Upload Prepared Data

Choose Upload videos from your computer option.

Once all the videos are uploaded, the videos will take a while to be processed.

An email notification will be received once the videos are processed and uploaded.

Label and Annotate the Videos

Label: Used to select objects and to find collections of things that satisfy certain conditions. Labels are added to define the categories that we want to predict.
Annotation: Assign a label to an object. This will help with the model training process. Multiple annotations can be done with the same video.

Add the labels

In the above image, three labels are created:

Maai Geri: Front Kick
Oi Tzsuki Chudan: Moving Forward Stomach-level punch
Aage Uke: Face Punch Block

Annotate the videos. For this project, there were 11 annotations per label. Therefore, there were 33 annotations in total.

Train Model

Click on the Training tab under the Model Development Section and click on Train New Model.

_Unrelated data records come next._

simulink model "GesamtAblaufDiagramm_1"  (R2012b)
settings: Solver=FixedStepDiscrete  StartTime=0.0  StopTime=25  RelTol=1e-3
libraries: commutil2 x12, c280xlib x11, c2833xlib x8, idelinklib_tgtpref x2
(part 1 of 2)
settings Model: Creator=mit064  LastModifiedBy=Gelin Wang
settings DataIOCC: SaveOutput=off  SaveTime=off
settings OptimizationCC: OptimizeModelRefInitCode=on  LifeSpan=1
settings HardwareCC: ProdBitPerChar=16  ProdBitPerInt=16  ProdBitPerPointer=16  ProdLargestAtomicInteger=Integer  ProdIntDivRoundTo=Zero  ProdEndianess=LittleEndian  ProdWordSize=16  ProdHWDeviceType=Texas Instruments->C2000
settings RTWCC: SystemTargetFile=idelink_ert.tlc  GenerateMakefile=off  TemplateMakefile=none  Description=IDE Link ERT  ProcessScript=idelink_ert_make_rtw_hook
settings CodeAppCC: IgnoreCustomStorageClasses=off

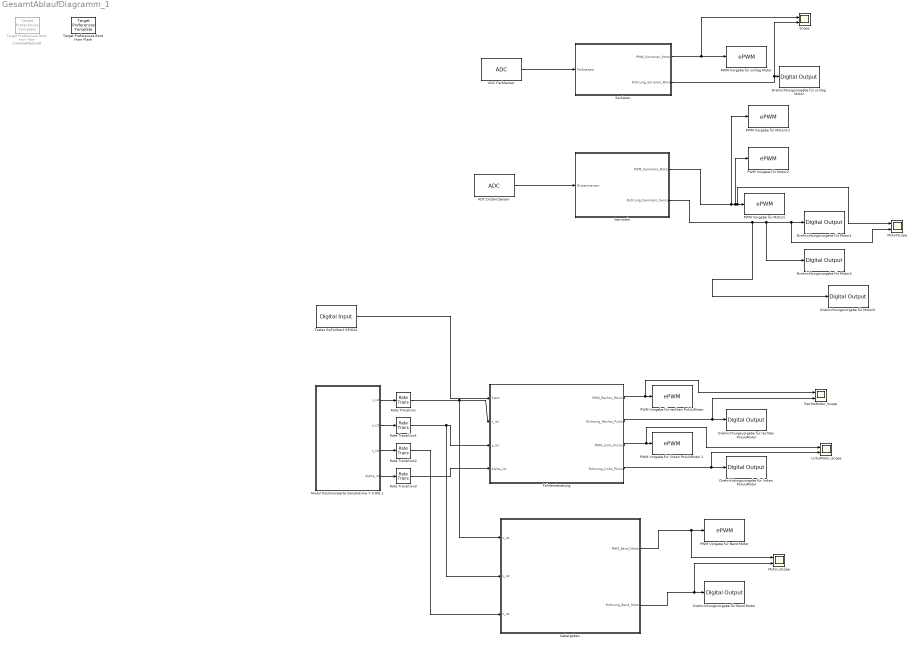
== system GesamtAblaufDiagramm_1 ==
  ADC DistanzSensor : c280xlib/ADC  useModule=A  useMode=Sequential  sourceSOC=Software  sourceSOC1=Software  sourceSOC2=ePWMxB  xint2_ADCSOC=31  Ts=0.001  dType=uint16  postInterrupt=off  numConversionsSingle=1  numConversionsDouble=1  conv0=ADCINA0  conv1=ADCINA1  conv2=ADCINA2  conv3=ADCINA3  conv4=ADCINA4  conv5=ADCINA5  conv6=ADCINA6  conv7=ADCINA7  conv8=ADCINB0  conv9=ADCINB1  conv10=ADCINB2  conv11=ADCINB3  conv12=ADCINB4  conv13=ADCINB5  conv14=ADCINB6  conv15=ADCINB7  convAB0=ADCINA0 and ADCINB0  convAB1=ADCINA1 and ADCINB1  convAB2=ADCINA2 and ADCINB2  convAB3=ADCINA3 and ADCINB3  convAB4=ADCINA4 and ADCINB4  convAB5=ADCINA5 and ADCINB5  convAB6=ADCINA6 and ADCINB6  convAB7=ADCINA7 and ADCINB7  convA0=ADCINA0  convA1=ADCINA1  convA2=ADCINA2  convA3=ADCINA3  convA4=ADCINA4  convA5=ADCINA5  convA6=ADCINA6  convA7=ADCINA7  convB0=ADCINB0  convB1=ADCINB1  convB2=ADCINB2  convB3=ADCINB3  convB4=ADCINB4  convB5=ADCINB5  convB6=ADCINB6  convB7=ADCINB7  c28xmultiPort=off  endma=off  chdma=1
  ADC FarbSensor : c280xlib/ADC  useModule=A  useMode=Sequential  sourceSOC=Software  sourceSOC1=Software  sourceSOC2=ePWMxB  xint2_ADCSOC=31  Ts=0.001  dType=uint16  postInterrupt=off  numConversionsSingle=1  numConversionsDouble=1  conv0=ADCINA0  conv1=ADCINA1  conv2=ADCINA2  conv3=ADCINA3  conv4=ADCINA4  conv5=ADCINA5  conv6=ADCINA6  conv7=ADCINA7  conv8=ADCINB0  conv9=ADCINB1  conv10=ADCINB2  conv11=ADCINB3  conv12=ADCINB4  conv13=ADCINB5  conv14=ADCINB6  conv15=ADCINB7  convAB0=ADCINA0 and ADCINB0  convAB1=ADCINA1 and ADCINB1  convAB2=ADCINA2 and ADCINB2  convAB3=ADCINA3 and ADCINB3  convAB4=ADCINA4 and ADCINB4  convAB5=ADCINA5 and ADCINB5  convAB6=ADCINA6 and ADCINB6  convAB7=ADCINA7 and ADCINB7  convA0=ADCINA0  convA1=ADCINA1  convA2=ADCINA2  convA3=ADCINA3  convA4=ADCINA4  convA5=ADCINA5  convA6=ADCINA6  convA7=ADCINA7  convB0=ADCINB0  convB1=ADCINB1  convB2=ADCINB2  convB3=ADCINB3  convB4=ADCINB4  convB5=ADCINB5  convB6=ADCINB6  convB7=ADCINB7  c28xmultiPort=off  endma=off  chdma=1
  Drehrichtungsvorgabe für Band Motor : c2833xlib/Digital Output  GPIO_Number=GPIO16~GPIO23  GPIO_Bit0=off  GPIO_BIT0_Toggle=off  GPIO_Bit1=off  GPIO_BIT1_Toggle=off  GPIO_Bit2=off  GPIO_BIT2_Toggle=off  GPIO_Bit3=off  GPIO_BIT3_Toggle=off  GPIO_Bit4=off  GPIO_BIT4_Toggle=off  GPIO_Bit5=on  GPIO_BIT5_Toggle=off  GPIO_Bit6=off  GPIO_BIT6_Toggle=off  GPIO_Bit7=off  GPIO_BIT7_Toggle=off
  Drehrichtungsvorgabe für Motor1 : c2833xlib/Digital Output  GPIO_Number=GPIO16~GPIO23  GPIO_Bit0=off  GPIO_BIT0_Toggle=off  GPIO_Bit1=off  GPIO_BIT1_Toggle=off  GPIO_Bit2=off  GPIO_BIT2_Toggle=off  GPIO_Bit3=off  GPIO_BIT3_Toggle=off  GPIO_Bit4=off  GPIO_BIT4_Toggle=off  GPIO_Bit5=on  GPIO_BIT5_Toggle=off  GPIO_Bit6=off  GPIO_BIT6_Toggle=off  GPIO_Bit7=off  GPIO_BIT7_Toggle=off
  Drehrichtungsvorgabe für Motor2 : c2833xlib/Digital Output  GPIO_Number=GPIO16~GPIO23  GPIO_Bit0=off  GPIO_BIT0_Toggle=off  GPIO_Bit1=off  GPIO_BIT1_Toggle=off  GPIO_Bit2=off  GPIO_BIT2_Toggle=off  GPIO_Bit3=off  GPIO_BIT3_Toggle=off  GPIO_Bit4=off  GPIO_BIT4_Toggle=off  GPIO_Bit5=on  GPIO_BIT5_Toggle=off  GPIO_Bit6=off  GPIO_BIT6_Toggle=off  GPIO_Bit7=off  GPIO_BIT7_Toggle=off
  Drehrichtungsvorgabe für Motor3 : c2833xlib/Digital Output  GPIO_Number=GPIO16~GPIO23  GPIO_Bit0=off  GPIO_BIT0_Toggle=off  GPIO_Bit1=off  GPIO_BIT1_Toggle=off  GPIO_Bit2=off  GPIO_BIT2_Toggle=off  GPIO_Bit3=off  GPIO_BIT3_Toggle=off  GPIO_Bit4=off  GPIO_BIT4_Toggle=off  GPIO_Bit5=on  GPIO_BIT5_Toggle=off  GPIO_Bit6=off  GPIO_BIT6_Toggle=off  GPIO_Bit7=off  GPIO_BIT7_Toggle=off
  Drehrichtungsvorgabe für linken PoluluMotor : c2833xlib/Digital Output  GPIO_Number=GPIO16~GPIO23  GPIO_Bit0=off  GPIO_BIT0_Toggle=off  GPIO_Bit1=off  GPIO_BIT1_Toggle=off  GPIO_Bit2=off  GPIO_BIT2_Toggle=off  GPIO_Bit3=off  GPIO_BIT3_Toggle=off  GPIO_Bit4=off  GPIO_BIT4_Toggle=off  GPIO_Bit5=on  GPIO_BIT5_Toggle=off  GPIO_Bit6=off  GPIO_BIT6_Toggle=off  GPIO_Bit7=off  GPIO_BIT7_Toggle=off
  Drehrichtungsvorgabe für rechten PoluluMotor : c2833xlib/Digital Output  GPIO_Number=GPIO16~GPIO23  GPIO_Bit0=off  GPIO_BIT0_Toggle=off  GPIO_Bit1=off  GPIO_BIT1_Toggle=off  GPIO_Bit2=off  GPIO_BIT2_Toggle=off  GPIO_Bit3=off  GPIO_BIT3_Toggle=off  GPIO_Bit4=off  GPIO_BIT4_Toggle=off  GPIO_Bit5=on  GPIO_BIT5_Toggle=off  GPIO_Bit6=off  GPIO_BIT6_Toggle=off  GPIO_Bit7=off  GPIO_BIT7_Toggle=off
  Drehrichtungsvorgabe für schlag Motor : c2833xlib/Digital Output  GPIO_Number=GPIO16~GPIO23  GPIO_Bit0=off  GPIO_BIT0_Toggle=off  GPIO_Bit1=off  GPIO_BIT1_Toggle=off  GPIO_Bit2=off  GPIO_BIT2_Toggle=off  GPIO_Bit3=off  GPIO_BIT3_Toggle=off  GPIO_Bit4=off  GPIO_BIT4_Toggle=off  GPIO_Bit5=on  GPIO_BIT5_Toggle=off  GPIO_Bit6=off  GPIO_BIT6_Toggle=off  GPIO_Bit7=off  GPIO_BIT7_Toggle=off
  "Fahransteuerung " : Subsystem
  LinksMotor_Scope : Scope  NumInputPorts=2
      settings: YMin=-5~-5  YMax=5~5  SaveName=ScopeData3
  Modul Positionswerte Sampletime = 0.001 s : Subsystem
  MotorScope : Scope  NumInputPorts=2
      settings: YMin=-5~-5  YMax=100~5  SaveName=ScopeData4
  Motor_Scope : Scope  NumInputPorts=2
      settings: YMin=-5~-5  YMax=5~5
  "PWM Vorgabe für Band Motor " : c280xlib/ePWM  checkMode=off  useModule=ePWM2  periodUnits=Clock cycles  timerSource=Specify via dialog  timerPeriod_clk=64000  timerPeriod_sec=0.0001  countingMode=Up  synchronizationOption=Disable  synchronizationEnable=off  phaseActiveEnable=Disable  phaseDirection=Count down after sync  phaseActive=0  clockPrescale=1  HSclockPrescale=1  ePWMxAStatus=off  CMPAUnits=Clock cycles  CMPASource=Specify via dialog  CMPAValue_per=50  CMPAValue_clk=32000  ePWMxAactionLogic1=Do nothing  ePWMxAactionLogic2=Clear  ePWMxAactionLogic3=Set  ePWMxAactionLogic4=Do nothing  ePWMxAactionLogic5=Do nothing  ePWMxAactionLogic6=Do nothing  ePWMxALoadMode=Load on CTR=Zero  ePWMxACSFenable=off  ePWMxACSFvalue=Forcing Disable  ePWMxASFreload=Zero  enHRPWM=off  HRPWM_LoadMode=CTR=ZERO  HRPWM_CTLMode=Phase control mode  HRPWM_EDGMode=Both edge  enSFO=on  ePWMxBStatus=on  CMPBUnits=Percentages  CMPBSource=Input port  CMPBValue_per=0  CMPBValue_clk=32000  ePWMxBactionLogic1=Do nothing  ePWMxBactionLogic2=Set  ePWMxBactionLogic3=Do nothing  ePWMxBactionLogic4=Do nothing  ePWMxBactionLogic5=Clear  ePWMxBactionLogic6=Do nothing  ePWMxBLoadMode=Load on CTR=Zero  ePWMxBCSFenable=off  ePWMxBCSFvalue=Forcing Disable  ePWMxBSFreload=Zero  enableDBePWMxA=off  enableDBePWMxB=off  DBpolarity=AH  DBedgeDelay=Positive  DBSource_ePWMxA=ePWMxA  DBSource_ePWMxB=ePWMxA  DBperiodSource=Specify via dialog  REDperiod=0  FEDperiod=0  adcstartModuleA=off  adcrequestEventA=First event  adcstartEventA=CTR=Zero  adcstartModuleB=off  adcrequestEventB=First event  adcstartEventB=CTR=Zero  intEn=off  intPrd=First event  intSel=CTR=Zero  chopperEnable=off  chopperFrequency=1  chopperFirstwidth=1  chopperDuty=12.5%  tripZonesource=Specify via dialog  tzselOSHT1=off  tzselOSHT2=off  tzselOSHT3=off  tzselOSHT4=off  tzselOSHT5=off  tzselOSHT6=off  tzselCBC1=off  tzselCBC2=off  tzselCBC3=off  tzselCBC4=off  tzselCBC5=off  tzselCBC6=off  enTzOstIntr=off  enTzCbcIntr=off  ePWMxAforced=No action  ePWMxBforced=No action  timerPeriod=-1  ePWMxAValue=0  ePWMxBValue=0  tripZoneoption=OSHT
  "PWM Vorgabe für Motor1 " : c280xlib/ePWM  checkMode=off  useModule=ePWM2  periodUnits=Clock cycles  timerSource=Specify via dialog  timerPeriod_clk=64000  timerPeriod_sec=0.0001  countingMode=Up  synchronizationOption=Disable  synchronizationEnable=off  phaseActiveEnable=Disable  phaseDirection=Count down after sync  phaseActive=0  clockPrescale=1  HSclockPrescale=1  ePWMxAStatus=off  CMPAUnits=Clock cycles  CMPASource=Specify via dialog  CMPAValue_per=50  CMPAValue_clk=32000  ePWMxAactionLogic1=Do nothing  ePWMxAactionLogic2=Clear  ePWMxAactionLogic3=Set  ePWMxAactionLogic4=Do nothing  ePWMxAactionLogic5=Do nothing  ePWMxAactionLogic6=Do nothing  ePWMxALoadMode=Load on CTR=Zero  ePWMxACSFenable=off  ePWMxACSFvalue=Forcing Disable  ePWMxASFreload=Zero  enHRPWM=off  HRPWM_LoadMode=CTR=ZERO  HRPWM_CTLMode=Phase control mode  HRPWM_EDGMode=Both edge  enSFO=on  ePWMxBStatus=on  CMPBUnits=Percentages  CMPBSource=Input port  CMPBValue_per=0  CMPBValue_clk=32000  ePWMxBactionLogic1=Do nothing  ePWMxBactionLogic2=Set  ePWMxBactionLogic3=Do nothing  ePWMxBactionLogic4=Do nothing  ePWMxBactionLogic5=Clear  ePWMxBactionLogic6=Do nothing  ePWMxBLoadMode=Load on CTR=Zero  ePWMxBCSFenable=off  ePWMxBCSFvalue=Forcing Disable  ePWMxBSFreload=Zero  enableDBePWMxA=off  enableDBePWMxB=off  DBpolarity=AH  DBedgeDelay=Positive  DBSource_ePWMxA=ePWMxA  DBSource_ePWMxB=ePWMxA  DBperiodSource=Specify via dialog  REDperiod=0  FEDperiod=0  adcstartModuleA=off  adcrequestEventA=First event  adcstartEventA=CTR=Zero  adcstartModuleB=off  adcrequestEventB=First event  adcstartEventB=CTR=Zero  intEn=off  intPrd=First event  intSel=CTR=Zero  chopperEnable=off  chopperFrequency=1  chopperFirstwidth=1  chopperDuty=12.5%  tripZonesource=Specify via dialog  tzselOSHT1=off  tzselOSHT2=off  tzselOSHT3=off  tzselOSHT4=off  tzselOSHT5=off  tzselOSHT6=off  tzselCBC1=off  tzselCBC2=off  tzselCBC3=off  tzselCBC4=off  tzselCBC5=off  tzselCBC6=off  enTzOstIntr=off  enTzCbcIntr=off  ePWMxAforced=No action  ePWMxBforced=No action  timerPeriod=-1  ePWMxAValue=0  ePWMxBValue=0  tripZoneoption=OSHT
  "PWM Vorgabe für Motor2 " : c280xlib/ePWM  checkMode=off  useModule=ePWM2  periodUnits=Clock cycles  timerSource=Specify via dialog  timerPeriod_clk=64000  timerPeriod_sec=0.0001  countingMode=Up  synchronizationOption=Disable  synchronizationEnable=off  phaseActiveEnable=Disable  phaseDirection=Count down after sync  phaseActive=0  clockPrescale=1  HSclockPrescale=1  ePWMxAStatus=off  CMPAUnits=Clock cycles  CMPASource=Specify via dialog  CMPAValue_per=50  CMPAValue_clk=32000  ePWMxAactionLogic1=Do nothing  ePWMxAactionLogic2=Clear  ePWMxAactionLogic3=Set  ePWMxAactionLogic4=Do nothing  ePWMxAactionLogic5=Do nothing  ePWMxAactionLogic6=Do nothing  ePWMxALoadMode=Load on CTR=Zero  ePWMxACSFenable=off  ePWMxACSFvalue=Forcing Disable  ePWMxASFreload=Zero  enHRPWM=off  HRPWM_LoadMode=CTR=ZERO  HRPWM_CTLMode=Phase control mode  HRPWM_EDGMode=Both edge  enSFO=on  ePWMxBStatus=on  CMPBUnits=Percentages  CMPBSource=Input port  CMPBValue_per=0  CMPBValue_clk=32000  ePWMxBactionLogic1=Do nothing  ePWMxBactionLogic2=Set  ePWMxBactionLogic3=Do nothing  ePWMxBactionLogic4=Do nothing  ePWMxBactionLogic5=Clear  ePWMxBactionLogic6=Do nothing  ePWMxBLoadMode=Load on CTR=Zero  ePWMxBCSFenable=off  ePWMxBCSFvalue=Forcing Disable  ePWMxBSFreload=Zero  enableDBePWMxA=off  enableDBePWMxB=off  DBpolarity=AH  DBedgeDelay=Positive  DBSource_ePWMxA=ePWMxA  DBSource_ePWMxB=ePWMxA  DBperiodSource=Specify via dialog  REDperiod=0  FEDperiod=0  adcstartModuleA=off  adcrequestEventA=First event  adcstartEventA=CTR=Zero  adcstartModuleB=off  adcrequestEventB=First event  adcstartEventB=CTR=Zero  intEn=off  intPrd=First event  intSel=CTR=Zero  chopperEnable=off  chopperFrequency=1  chopperFirstwidth=1  chopperDuty=12.5%  tripZonesource=Specify via dialog  tzselOSHT1=off  tzselOSHT2=off  tzselOSHT3=off  tzselOSHT4=off  tzselOSHT5=off  tzselOSHT6=off  tzselCBC1=off  tzselCBC2=off  tzselCBC3=off  tzselCBC4=off  tzselCBC5=off  tzselCBC6=off  enTzOstIntr=off  enTzCbcIntr=off  ePWMxAforced=No action  ePWMxBforced=No action  timerPeriod=-1  ePWMxAValue=0  ePWMxBValue=0  tripZoneoption=OSHT
  PWM Vorgabe für Motor3 2 : c280xlib/ePWM  checkMode=off  useModule=ePWM2  periodUnits=Clock cycles  timerSource=Specify via dialog  timerPeriod_clk=64000  timerPeriod_sec=0.0001  countingMode=Up  synchronizationOption=Disable  synchronizationEnable=off  phaseActiveEnable=Disable  phaseDirection=Count down after sync  phaseActive=0  clockPrescale=1  HSclockPrescale=1  ePWMxAStatus=off  CMPAUnits=Clock cycles  CMPASource=Specify via dialog  CMPAValue_per=50  CMPAValue_clk=32000  ePWMxAactionLogic1=Do nothing  ePWMxAactionLogic2=Clear  ePWMxAactionLogic3=Set  ePWMxAactionLogic4=Do nothing  ePWMxAactionLogic5=Do nothing  ePWMxAactionLogic6=Do nothing  ePWMxALoadMode=Load on CTR=Zero  ePWMxACSFenable=off  ePWMxACSFvalue=Forcing Disable  ePWMxASFreload=Zero  enHRPWM=off  HRPWM_LoadMode=CTR=ZERO  HRPWM_CTLMode=Phase control mode  HRPWM_EDGMode=Both edge  enSFO=on  ePWMxBStatus=on  CMPBUnits=Percentages  CMPBSource=Input port  CMPBValue_per=0  CMPBValue_clk=32000  ePWMxBactionLogic1=Do nothing  ePWMxBactionLogic2=Set  ePWMxBactionLogic3=Do nothing  ePWMxBactionLogic4=Do nothing  ePWMxBactionLogic5=Clear  ePWMxBactionLogic6=Do nothing  ePWMxBLoadMode=Load on CTR=Zero  ePWMxBCSFenable=off  ePWMxBCSFvalue=Forcing Disable  ePWMxBSFreload=Zero  enableDBePWMxA=off  enableDBePWMxB=off  DBpolarity=AH  DBedgeDelay=Positive  DBSource_ePWMxA=ePWMxA  DBSource_ePWMxB=ePWMxA  DBperiodSource=Specify via dialog  REDperiod=0  FEDperiod=0  adcstartModuleA=off  adcrequestEventA=First event  adcstartEventA=CTR=Zero  adcstartModuleB=off  adcrequestEventB=First event  adcstartEventB=CTR=Zero  intEn=off  intPrd=First event  intSel=CTR=Zero  chopperEnable=off  chopperFrequency=1  chopperFirstwidth=1  chopperDuty=12.5%  tripZonesource=Specify via dialog  tzselOSHT1=off  tzselOSHT2=off  tzselOSHT3=off  tzselOSHT4=off  tzselOSHT5=off  tzselOSHT6=off  tzselCBC1=off  tzselCBC2=off  tzselCBC3=off  tzselCBC4=off  tzselCBC5=off  tzselCBC6=off  enTzOstIntr=off  enTzCbcIntr=off  ePWMxAforced=No action  ePWMxBforced=No action  timerPeriod=-1  ePWMxAValue=0  ePWMxBValue=0  tripZoneoption=OSHT
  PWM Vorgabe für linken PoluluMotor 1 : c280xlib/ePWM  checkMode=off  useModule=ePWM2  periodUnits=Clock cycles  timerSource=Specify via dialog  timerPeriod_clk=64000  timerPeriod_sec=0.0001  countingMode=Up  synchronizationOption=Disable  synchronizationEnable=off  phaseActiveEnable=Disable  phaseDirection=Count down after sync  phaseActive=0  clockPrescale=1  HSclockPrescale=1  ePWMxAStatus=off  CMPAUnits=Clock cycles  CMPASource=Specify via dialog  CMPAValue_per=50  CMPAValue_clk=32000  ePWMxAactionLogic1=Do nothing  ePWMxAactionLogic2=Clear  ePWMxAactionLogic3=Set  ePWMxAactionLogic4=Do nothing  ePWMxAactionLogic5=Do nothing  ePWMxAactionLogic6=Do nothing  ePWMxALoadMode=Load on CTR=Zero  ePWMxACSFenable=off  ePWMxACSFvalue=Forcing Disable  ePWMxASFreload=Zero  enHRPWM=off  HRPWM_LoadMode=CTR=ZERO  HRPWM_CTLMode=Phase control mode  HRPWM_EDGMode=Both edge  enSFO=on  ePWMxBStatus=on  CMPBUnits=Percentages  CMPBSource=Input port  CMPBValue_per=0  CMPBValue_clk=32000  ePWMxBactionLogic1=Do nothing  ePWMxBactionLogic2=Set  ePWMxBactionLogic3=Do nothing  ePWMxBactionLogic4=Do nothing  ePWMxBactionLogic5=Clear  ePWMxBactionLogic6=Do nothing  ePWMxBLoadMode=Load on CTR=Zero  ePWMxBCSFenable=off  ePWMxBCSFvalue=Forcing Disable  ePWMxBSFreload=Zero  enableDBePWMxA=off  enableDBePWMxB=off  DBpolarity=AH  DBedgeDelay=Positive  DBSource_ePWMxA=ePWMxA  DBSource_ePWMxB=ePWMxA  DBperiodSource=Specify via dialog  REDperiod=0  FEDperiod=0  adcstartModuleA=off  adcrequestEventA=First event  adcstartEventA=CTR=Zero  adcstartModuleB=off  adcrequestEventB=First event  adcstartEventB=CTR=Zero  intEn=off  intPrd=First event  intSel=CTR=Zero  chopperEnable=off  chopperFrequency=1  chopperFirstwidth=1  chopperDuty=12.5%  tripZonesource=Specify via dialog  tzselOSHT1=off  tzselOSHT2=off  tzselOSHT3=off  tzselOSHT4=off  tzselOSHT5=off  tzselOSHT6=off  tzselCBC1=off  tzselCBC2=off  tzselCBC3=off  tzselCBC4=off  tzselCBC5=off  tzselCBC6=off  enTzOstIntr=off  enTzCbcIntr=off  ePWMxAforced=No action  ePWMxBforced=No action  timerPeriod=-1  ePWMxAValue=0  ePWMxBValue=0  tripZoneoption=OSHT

Choose the Dataset and the Annotation set, and choose the AutoML option in the Model training method. Click on the Start Training button.

AutoML enables developers with limited machine-learning expertise to train high-quality models for their business needs and build custom machine-learning models in minutes.

The screen looks something like the following image.

Once the model training is completed, an email notification is received. Model training takes ~ 1 hour.

And the status of the model will be Finished.

Get Predictions

From the Vertex AI Dashboard, click Click Batch Prediction

In the New batch prediction tab, write the Batch prediction name and choose the model name and Destination path. Click the Create button.

In the cloud storage, add a pred.jsonl file. JSONL is a human-readable language to store and communicate data objects in a single line

JSONL file looks something like this:

{"content": "gs://cloud-ai-platform-29df1d5e-efde-4329-a061-654f3620c290/SaveTube.io-Age Uke-(480p).mp4", "mimeType": "video/mp4", "timeSegmentStart": "5.0s", "timeSegmentEnd": "8.0s"}

The JSONL file has the following keys:

Content: Path to file to be predicted
mimeType: Type of file
timeSegmentStart: Start time of the video to be predicted
timeSegmentEnd: End time of the video to be predicted

Once the predictions are ready, an email notification will be received in the Inbox.

The result looks like the following image.

The prediction file looks something like this:

{"instance":{"content":"gs://cloud-ai-platform-29df1d5e-efde-4329-a061-654f3620c290/SaveTube.io-Age Uke-(480p).mp4","mimeType":"video/mp4","timeSegmentStart":"5.0s","timeSegmentEnd":"8.0s"},"prediction":["aage_uke"]}

The prediction file has the following keys:

Instance: Contents of the JSONL file
Prediction: The predicted value. In this case, aage_uke was predicted.

This file can be found on our chosen destination path while creating the batch prediction.

Conclusion

This project costs $4.30 using Google Cloud Vertex AI and Cloud Storage. Thank you for reading so far.